Theodred shook his head in puzzlement. His eyes happened to fall on Marbrona, and he glimpsed in her face a shadow of knowledge and guilt. He looked sharply at her, but she pressed a finger to her lips, with her eyes indicating her husband, who was oblivious to the exchange.
Later sleeping arrangements were made, Charamer and Marbrona insisting he take their bed, the rest of the family hastily redistributed. Charamer bid good night and retired. Marbrona lingered, ostensibly to see Theodred settled.
“You know why Elana left,” Theodred stated.
“Yes,” she admitted, staring into the fire. “I haven’t told anyone. But now – her time is near. I fear for her, alone. You must find her.”

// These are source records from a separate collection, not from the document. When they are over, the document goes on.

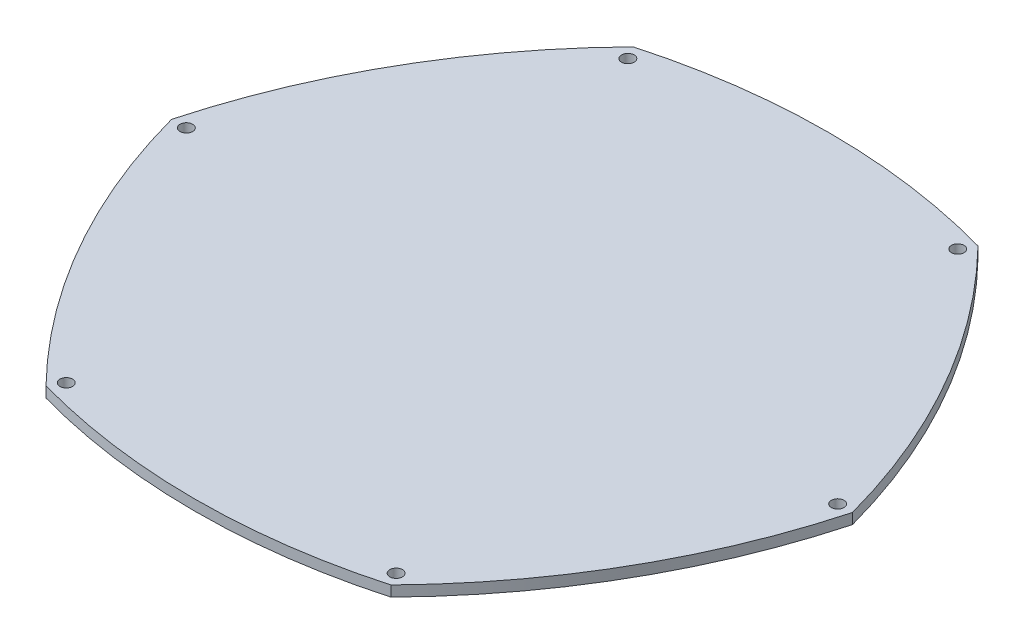
from build123d import *

# Parameters (mm, degrees)
SKETCH1_R           = 75
SKETCH1_R_2         = 73.5
SKETCH1_R_3         = 1.5
BOSS_EXTRUDE1_DEPTH = 2.5


with BuildPart() as part:
    # Sketch1 → Boss-Extrude1 (new body)
    # profile 1 of 8: a face of its own
    with BuildSketch(Plane(origin=(0, 0, 0), x_dir=(1, 0, 0), z_dir=(0, 1, 0))):
        Circle(SKETCH1_R)
        Circle(SKETCH1_R_2, mode=Mode.SUBTRACT)
    # profile 2 of 8: a face of its own
    with BuildSketch(Plane(origin=(0, 0, 0), x_dir=(1, 0, 0), z_dir=(0, 1, 0))):
        Circle(SKETCH1_R_2)
    # profile 3 of 8: a face of its own
    with BuildSketch(Plane(origin=(0, 0, 0), x_dir=(1, 0, 0), z_dir=(0, 1, 0))):
        with BuildLine():
            ThreePointArc((-65.092339325, -37.255702398), (-75, -1.885e-06), (-65.092341198, 37.255699125))
            ThreePointArc((-65.092341198, 37.255699125), (-73.987141009, 19.120393419), (-80.5, 0))
            ThreePointArc((-80.5, 0), (-73.987140288, -19.120395161), (-65.092339325, -37.255702398))
        make_face()
        with Locations(Location((-77, 0, 0), (0, 0, 270))):
            Circle(SKETCH1_R_3, mode=Mode.SUBTRACT)
    # profile 4 of 8: a face of its own
    with BuildSketch(Plane(origin=(0, 0, 0), x_dir=(1, 0, 0), z_dir=(0, 1, 0))):
        with BuildLine():
            ThreePointArc((-40.772727273, -69.410623904), (-20.577028262, -73.596152049), (5.64e-07, -75))
            ThreePointArc((5.64e-07, -75), (-37.621950265, -64.881344455), (-65.092339325, -37.255702398))
            ThreePointArc((-65.092339325, -37.255702398), (-53.960444579, -54.110599462), (-40.772727273, -69.410623904))
        make_face()
        with Locations(Location((-39, -66.392770691, 0), (0, 0, 270))):
            Circle(SKETCH1_R_3, mode=Mode.SUBTRACT)
    # profile 5 of 8: a face of its own
    with BuildSketch(Plane(origin=(0, 0, 0), x_dir=(1, 0, 0), z_dir=(0, 1, 0))):
        with BuildLine():
            ThreePointArc((40.772727273, -69.410623904), (53.960444658, -54.110599358), (65.092339455, -37.255702172))
            ThreePointArc((65.092339455, -37.255702172), (37.621950865, -64.881344107), (5.64e-07, -75))
            ThreePointArc((5.64e-07, -75), (20.577028821, -73.596151973), (40.772727273, -69.410623904))
        make_face()
        with Locations(Location((39, -66.392770691, 0), (0, 0, 270))):
            Circle(SKETCH1_R_3, mode=Mode.SUBTRACT)
    # profile 6 of 8: a face of its own
    with BuildSketch(Plane(origin=(0, 0, 0), x_dir=(1, 0, 0), z_dir=(0, 1, 0))):
        with BuildLine():
            ThreePointArc((65.092339583, 37.255701948), (72.480774929, 19.27530196), (75, 0))
            ThreePointArc((75, 0), (72.480774896, -19.275302084), (65.092339455, -37.255702172))
            ThreePointArc((65.092339455, -37.255702172), (73.987140338, -19.120395041), (80.5, 0))
            ThreePointArc((80.5, 0), (73.987140387, 19.120394921), (65.092339583, 37.255701948))
        make_face()
        with Locations(Location((77, 0, 0), (0, 0, 270))):
            Circle(SKETCH1_R_3, mode=Mode.SUBTRACT)
    # profile 7 of 8: a face of its own
    with BuildSketch(Plane(origin=(0, 0, 0), x_dir=(1, 0, 0), z_dir=(0, 1, 0))):
        with BuildLine():
            ThreePointArc((-4.58e-07, 75), (37.621950535, 64.881344298), (65.092339583, 37.255701948))
            ThreePointArc((65.092339583, 37.255701948), (53.960444736, 54.110599255), (40.772727273, 69.410623904))
            ThreePointArc((40.772727273, 69.410623904), (20.577028315, 73.596152042), (-4.58e-07, 75))
        make_face()
        with Locations(Location((39, 66.392770691, 0), (0, 0, 270))):
            Circle(SKETCH1_R_3, mode=Mode.SUBTRACT)
    # profile 8 of 8: a face of its own
    with BuildSketch(Plane(origin=(0, 0, 0), x_dir=(1, 0, 0), z_dir=(0, 1, 0))):
        with BuildLine():
            ThreePointArc((-65.092341198, 37.255699125), (-37.621952338, 64.881343253), (-4.58e-07, 75))
            ThreePointArc((-4.58e-07, 75), (-20.577028768, 73.59615198), (-40.772727273, 69.410623904))
            ThreePointArc((-40.772727273, 69.410623904), (-53.960445716, 54.110597958), (-65.092341198, 37.255699125))
        make_face()
        with Locations(Location((-39, 66.392770691, 0), (0, 0, 270))):
            Circle(SKETCH1_R_3, mode=Mode.SUBTRACT)
    extrude(amount=BOSS_EXTRUDE1_DEPTH)


solid = part.part
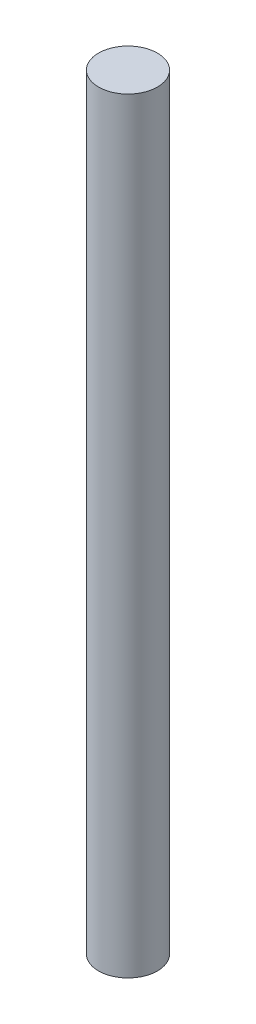
from build123d import *

# Parameters (mm, degrees)
SKETCH1_R           = 3.175
BOSS_EXTRUDE1_DEPTH = 82.55


with BuildPart() as part:
    # Sketch1 → Boss-Extrude1 (new body)
    with BuildSketch(Plane(origin=(0, 0, 0), x_dir=(1, 0, 0), z_dir=(0, 1, 0))):
        with Locations(Location((0, 0, 0), (0, 0, 270))):
            Circle(SKETCH1_R)
    extrude(amount=BOSS_EXTRUDE1_DEPTH)


solid = part.part
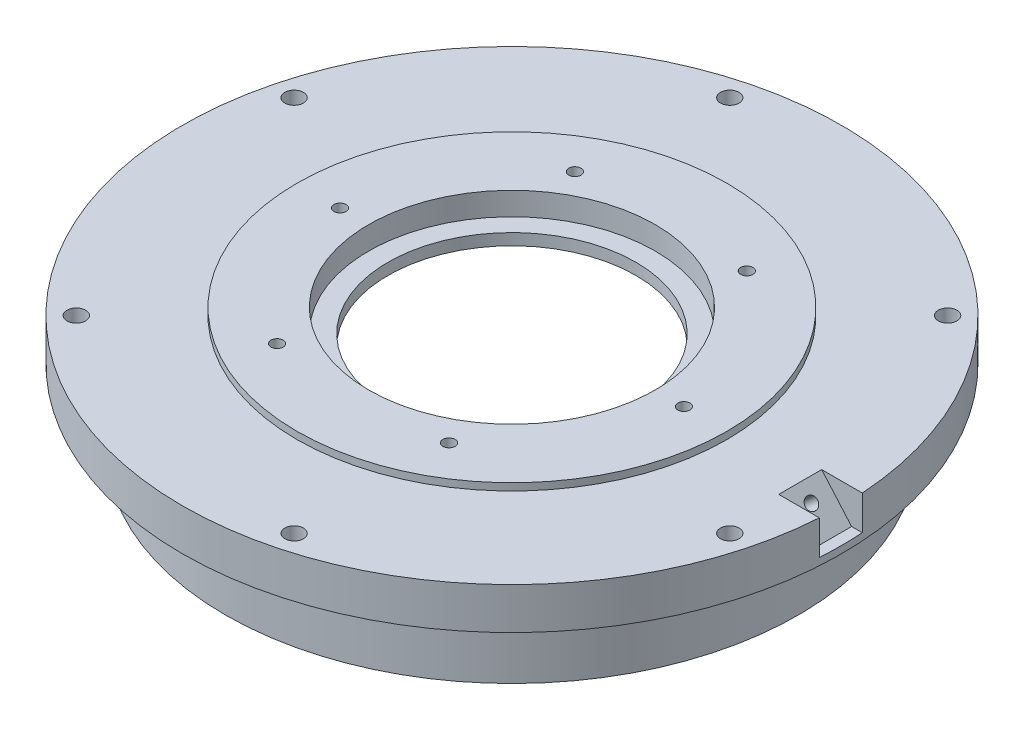
from build123d import *

# Parameters (mm, degrees)
CUT_EXTRUDE_1_DEPTH      = 15
SKETCH_3_R               = 4.25
CUT_EXTRUDE_2_DEPTH      = 20
PATTERN_CIRCULAR_1_COUNT = 6
CUT_EXTRUDE_3_REACH      = 337.203
SKETCH_4_R               = 6.5
PATTERN_CIRCULAR_2_COUNT = 6
SKETCH_5_R               = 4.25
CUT_EXTRUDE_4_DEPTH      = 20
CUT_EXTRUDE_5_REACH      = 453.217
SKETCH_6_R               = 4


with BuildPart() as part:
    # 草图1 → 旋转1 (revolve)
    with BuildSketch(Plane.XY, mode=Mode.PRIVATE) as revolve_1_sk:
        Polygon((-150, 0), (-100, 0), (-100, -16), (-86.5, -16), (-86.5, -24), (-170, -24), (-190, -44), (-190, -54.5), (-180, -54.5), (-180, -76), (-195, -76), (-195, -86), (-200, -86), (-200, -34), (-230, -34), (-230, -5), (-150, -5), align=None)
    revolve(revolve_1_sk.sketch.rotate(Axis((0, 0, 0), (0, -1, 0)), 270), axis=Axis((0, 0, 0), (0, -1, 0)))

    # 草图2 → 切除-拉伸1 (cut, symmetric)
    with BuildSketch(Plane.XY):
        Polygon((201.17641936, -5), (222.039301067, -29), (230, -29), (230, -5), align=None)
    extrude(amount=CUT_EXTRUDE_1_DEPTH, both=True, mode=Mode.SUBTRACT)

    # 草图3 → 切除-拉伸2 (cut)
    with BuildSketch(Plane(origin=(0, 0, 0), x_dir=(1, 0, 0), z_dir=(0, 1, 0))):
        with Locations(Location((120, 0, 0), (0, 0, 270))):
            Circle(SKETCH_3_R)
    cut_extrude_2 = extrude(amount=-CUT_EXTRUDE_2_DEPTH, mode=Mode.SUBTRACT)

    # 阵列(圆周)1: 切除-拉伸2 ×6 about axis
    pattern_circular_1_axis = Axis((0, 0, 0), (0, 1, 0))
    for i in range(1, PATTERN_CIRCULAR_1_COUNT):
        add(cut_extrude_2.rotate(pattern_circular_1_axis, i * 360 / PATTERN_CIRCULAR_1_COUNT), mode=Mode.SUBTRACT)

    # 草图4 → 切除-拉伸3 (cut, up to next)
    with BuildSketch(Plane(origin=(0, -5, 0), x_dir=(1, 0, 0), z_dir=(0, 1, 0)), mode=Mode.PRIVATE) as cut_extrude_3_sk1:
        with Locations(Location((55.646094697, -207.674052652, 0), (0, 0, 270))):
            Circle(SKETCH_4_R)
    cut_extrude_3_tool1 = extrude(cut_extrude_3_sk1.sketch, amount=-CUT_EXTRUDE_3_REACH, mode=Mode.PRIVATE) & part.part
    cut_extrude_3 = cut_extrude_3_tool1.solids().sort_by_distance((55.646095, -5, 207.674053))[0]
    add(cut_extrude_3, mode=Mode.SUBTRACT)

    # 阵列(圆周)2: 切除-拉伸3 ×6 about axis
    pattern_circular_2_axis = Axis((0, 0, 0), (0, 1, 0))
    for i in range(1, PATTERN_CIRCULAR_2_COUNT):
        add(cut_extrude_3.rotate(pattern_circular_2_axis, i * 360 / PATTERN_CIRCULAR_2_COUNT), mode=Mode.SUBTRACT)

    # 草图5 → 切除-拉伸4 (cut)
    with BuildSketch(Plane(origin=(112.111712569, 97.45722489, 0), x_dir=(0, 0, -1), z_dir=(0.7547095802227705, 0.656059028990509, 0))):
        with Locations(Location((0, -147.682271182, 0), (0, 0, 90))):
            Circle(SKETCH_5_R)
    extrude(amount=-CUT_EXTRUDE_4_DEPTH, mode=Mode.SUBTRACT)

    # 切除-拉伸5: up to this cone (the profile starts outside it)
    cut_extrude_5_end = Plane(origin=(0, -14, 0), z_dir=(0, -1, 0)).offset(-159.999999) * Cone(1e-06, 773.717, 773.716999, align=(Align.CENTER, Align.CENTER, Align.MIN), mode=Mode.PRIVATE)
    # 草图6 → 切除-拉伸5 (cut, up to the surface)
    with BuildSketch(Plane(origin=(112.111712569, 97.45722489, 0), x_dir=(0, 0, -1), z_dir=(0.7547095802227705, 0.656059028990509, 0)), mode=Mode.PRIVATE) as cut_extrude_5_sk1:
        with Locations(Location((0, -147.682271182, 0), (0, 0, 90))):
            Circle(SKETCH_6_R)
    cut_extrude_5_tool1 = extrude(cut_extrude_5_sk1.sketch, amount=-CUT_EXTRUDE_5_REACH, mode=Mode.PRIVATE) - cut_extrude_5_end
    add(cut_extrude_5_tool1.solids().sort_by_distance((209, -14, 0))[0], mode=Mode.SUBTRACT)


solid = part.part
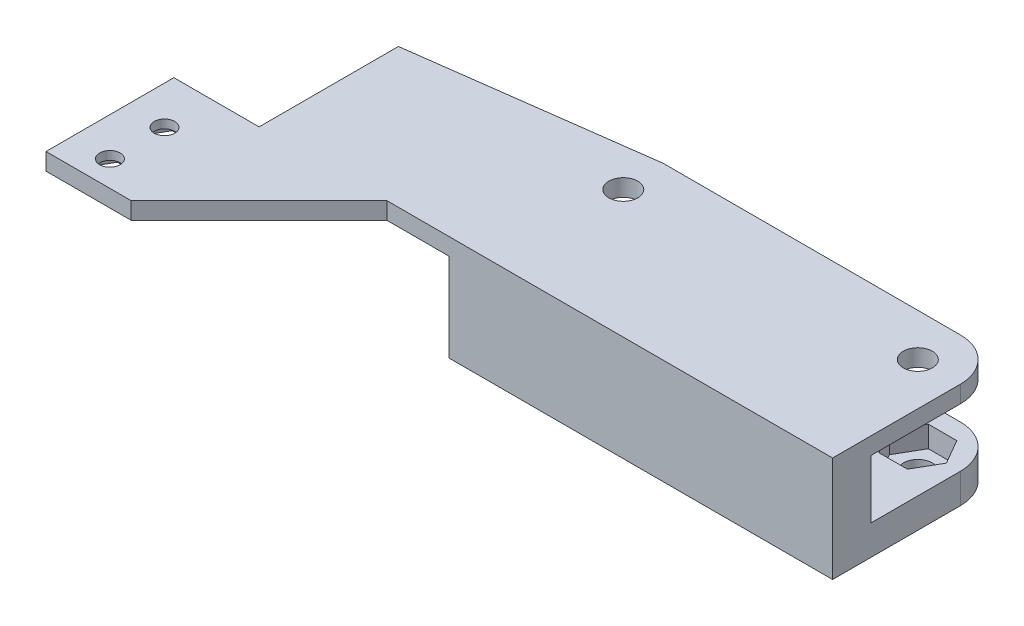
from build123d import *

# Parameters (mm, degrees)
SKETCH1_R           = 1.7
BOSS_EXTRUDE1_DEPTH = 2
SKETCH2_W           = 45
SKETCH2_H           = 4.5
BOSS_EXTRUDE2_DEPTH = 6.85
BOSS_EXTRUDE3_START = 3.5
BOSS_EXTRUDE3_DEPTH = 3.5
CUT_EXTRUDE1_DEPTH  = 2.5
CUT_EXTRUDE2_REACH  = 53.154
SKETCH4_R           = 1.2
CUT_EXTRUDE3_DEPTH  = 1
CUT_EXTRUDE4_REACH  = 53.154
SKETCH6_R           = 1.7


with BuildPart() as part:
    # Sketch1 → Boss-Extrude1 (new body)
    with BuildSketch(Plane(origin=(0, 0, 0), x_dir=(1, 0, 0), z_dir=(0, 1, 0))):
        with BuildLine():
            Line((34.55, 5), (0, 5))
            ThreePointArc((0, 5), (-0.332078478, 4.988960201), (-0.662690524, 4.955889554))
            Line((-0.662690524, 4.955889554), (-27.725, 1.337177748))
            Line((-27.725, 1.337177748), (-27.725, -15))
            Line((-27.725, -15), (-37.725, -15))
            Line((-37.725, -15), (-37.725, -30))
            Line((-37.725, -30), (-27.725, -30))
            Line((-27.725, -30), (-12.725, -15))
            Line((-12.725, -15), (39.55, -15))
            Line((39.55, -15), (39.55, 0))
            ThreePointArc((39.55, 0), (38.085533906, 3.535533906), (34.55, 5))
        make_face()
        Circle(SKETCH1_R, mode=Mode.SUBTRACT)
        with Locations((34.55, 0)):
            Circle(SKETCH1_R, mode=Mode.SUBTRACT)
    extrude(amount=BOSS_EXTRUDE1_DEPTH)

    # Sketch2 → Boss-Extrude2 (add)
    with BuildSketch(Plane.XZ):
        with Locations((17.05, 12.75)):
            Rectangle(SKETCH2_W, SKETCH2_H)
    extrude(amount=BOSS_EXTRUDE2_DEPTH)

    # Sketch3 → Boss-Extrude3 (add)
    with BuildSketch(Plane.XZ.offset(6.85).offset(BOSS_EXTRUDE3_START)):
        with BuildLine():
            Line((39.55, 0), (39.55, 15))
            Line((39.55, 15), (-5.45, 15))
            Line((-5.45, 15), (-5.45, -4.315741183))
            Line((-5.45, -4.315741183), (-0.662690524, -4.955889554))
            ThreePointArc((-0.662690524, -4.955889554), (-0.332078478, -4.988960201), (0, -5))
            Line((0, -5), (34.55, -5))
            ThreePointArc((34.55, -5), (38.085533906, -3.535533906), (39.55, 0))
        make_face()
    extrude(amount=-BOSS_EXTRUDE3_DEPTH)

    # Sketch3<3> → Cut-Extrude1 (cut)
    with BuildSketch(Plane.XZ.offset(6.85)):
        Polygon((37.898631561, 0), (36.224315781, 2.9), (32.875684219, 2.9), (31.201368439, 0), (32.875684219, -2.9), (36.224315781, -2.9), align=None)
        Polygon((3.348631561, 0), (1.674315781, 2.9), (-1.674315781, 2.9), (-3.348631561, 0), (-1.674315781, -2.9), (1.674315781, -2.9), align=None)
    extrude(amount=CUT_EXTRUDE1_DEPTH, mode=Mode.SUBTRACT)

    # Sketch4 → Cut-Extrude2 (cut, up to next)
    with BuildSketch(Plane(origin=(0, 2, 0), x_dir=(1, 0, 0), z_dir=(0, 1, 0)), mode=Mode.PRIVATE) as cut_extrude2_sk1:
        with Locations((-33.225, -20.6)):
            Circle(SKETCH4_R)
    cut_extrude2_tool1 = extrude(cut_extrude2_sk1.sketch, amount=-CUT_EXTRUDE2_REACH, mode=Mode.PRIVATE) & part.part
    # Sketch4 → Cut-Extrude2 (cut, up to next)
    with BuildSketch(Plane(origin=(0, 2, 0), x_dir=(1, 0, 0), z_dir=(0, 1, 0)), mode=Mode.PRIVATE) as cut_extrude2_sk2:
        with Locations((-33.225, -27)):
            Circle(SKETCH4_R)
    cut_extrude2_tool2 = extrude(cut_extrude2_sk2.sketch, amount=-CUT_EXTRUDE2_REACH, mode=Mode.PRIVATE) & part.part
    add(cut_extrude2_tool1.solids().sort_by_distance((-33.225, 2, 20.6))[0], mode=Mode.SUBTRACT)
    add(cut_extrude2_tool2.solids().sort_by_distance((-33.225, 2, 27))[0], mode=Mode.SUBTRACT)

    # Sketch5 → Cut-Extrude3 (cut)
    with BuildSketch(Plane.XZ):
        Polygon((-32.012564435, 22.7), (-34.437435565, 22.7), (-35.649871131, 20.6), (-34.437435565, 18.5), (-32.012564435, 18.5), (-30.800128869, 20.6), align=None)
        Polygon((-32.012564435, 29.1), (-34.437435565, 29.1), (-35.649871131, 27), (-34.437435565, 24.9), (-32.012564435, 24.9), (-30.800128869, 27), align=None)
    extrude(amount=-CUT_EXTRUDE3_DEPTH, mode=Mode.SUBTRACT)

    # Sketch6 → Cut-Extrude4 (cut, up to next)
    with BuildSketch(Plane.XZ.offset(10.35), mode=Mode.PRIVATE) as cut_extrude4_sk1:
        Circle(SKETCH6_R)
    cut_extrude4_tool1 = extrude(cut_extrude4_sk1.sketch, amount=-CUT_EXTRUDE4_REACH, mode=Mode.PRIVATE) & part.part
    # Sketch6 → Cut-Extrude4 (cut, up to next)
    with BuildSketch(Plane.XZ.offset(10.35), mode=Mode.PRIVATE) as cut_extrude4_sk2:
        with Locations((34.55, 0)):
            Circle(SKETCH6_R)
    cut_extrude4_tool2 = extrude(cut_extrude4_sk2.sketch, amount=-CUT_EXTRUDE4_REACH, mode=Mode.PRIVATE) & part.part
    add(cut_extrude4_tool1.solids().sort_by_distance((0, -10.35, 0))[0], mode=Mode.SUBTRACT)
    add(cut_extrude4_tool2.solids().sort_by_distance((34.55, -10.35, 0))[0], mode=Mode.SUBTRACT)


solid = part.part

“I only did what any mother should. I told her I would dispose of the creature, when it was born, that she wouldn’t even have to look at it. She should have been grateful. But somehow she’d come to believe that it would be just a child, as if she could deny what had happened. I couldn’t let her go through that – raising it, loving it, only to have it turn on her in the end. I thought she’d accepted what had to be done. But I was wrong.” Marbrona turned to him, her eyes pleading. “Now she’s out there somewhere, alone, and she’ll give birth any time now. And that monster will devour her, as soon as it has the strength. Please, find her! Bring her back to me. Save her from her own folly!”
Theodred understood, now. Could Elana truly love the misbegotten creature, enough to abandon family and safety for its sake? He thought of the way her hand had caressed her belly, and he knew it was so.
Marbrona seized his hands, careless of any impropriety. “You are sworn to protect this land. For all our sakes, if it’s been born, you must kill it.”
Theodred was assailed by conflicting emotions. Could he kill a defenseless baby, even an orc-child? What if Elana were right, what if love and nurture could triumph over blood? Could he rip Elana’s child away from her, tearing her heart in two? (Destroying, a secret part of him whispered, any feelings she might have for him.) But could he leave her in danger, that the child she cherished might prove bound to its corrupt heritage? Even if the child itself were harmless, its presence would exile her from human contact. The fear and loathing most people would feel toward the child would surely also encompass the mother. (Cutting him off from her completely, his treacherous heart reminded him.)
But what if the child were dead? He pulled away from Marbrona, turning to stare out the window at the starlit night. If Elana never knew it was his hand that killed it? Would she turn to him for solace in her grief? They could conceal her past, and he could present her openly to all the people as his beloved. He could bring her to Edoras and make her his wife, and someday queen. She could be his.
He gripped the windowsill with sweating hands. How could he even think such a thing? He loved her; he knew it now. And she loved the babe. To kill it would wound her grievously. But here was her own mother begging him to do it. And truly it might be the best thing for her sake. How was he to decide rightly when he couldn’t trust his own heart, which urged him so seductively to take the action that would place her by his side? Yet, was his resistance to that temptation, and his love for Elana, blinding him to the very real potential for evil if the child should live?
He closed his eyes, his hands trembling. He, who had so often faced battle bravely, was deeply afraid. He feared he would not be equal to this challenge. That the tangles of conflicting emotions would wind around and ensnare him. That no matter what he chose, it would be wrong.
He turned back to Marbrona, gripping her hands and looking deep into her eyes. “I will find her,” he promised. “And… I will do what I must.”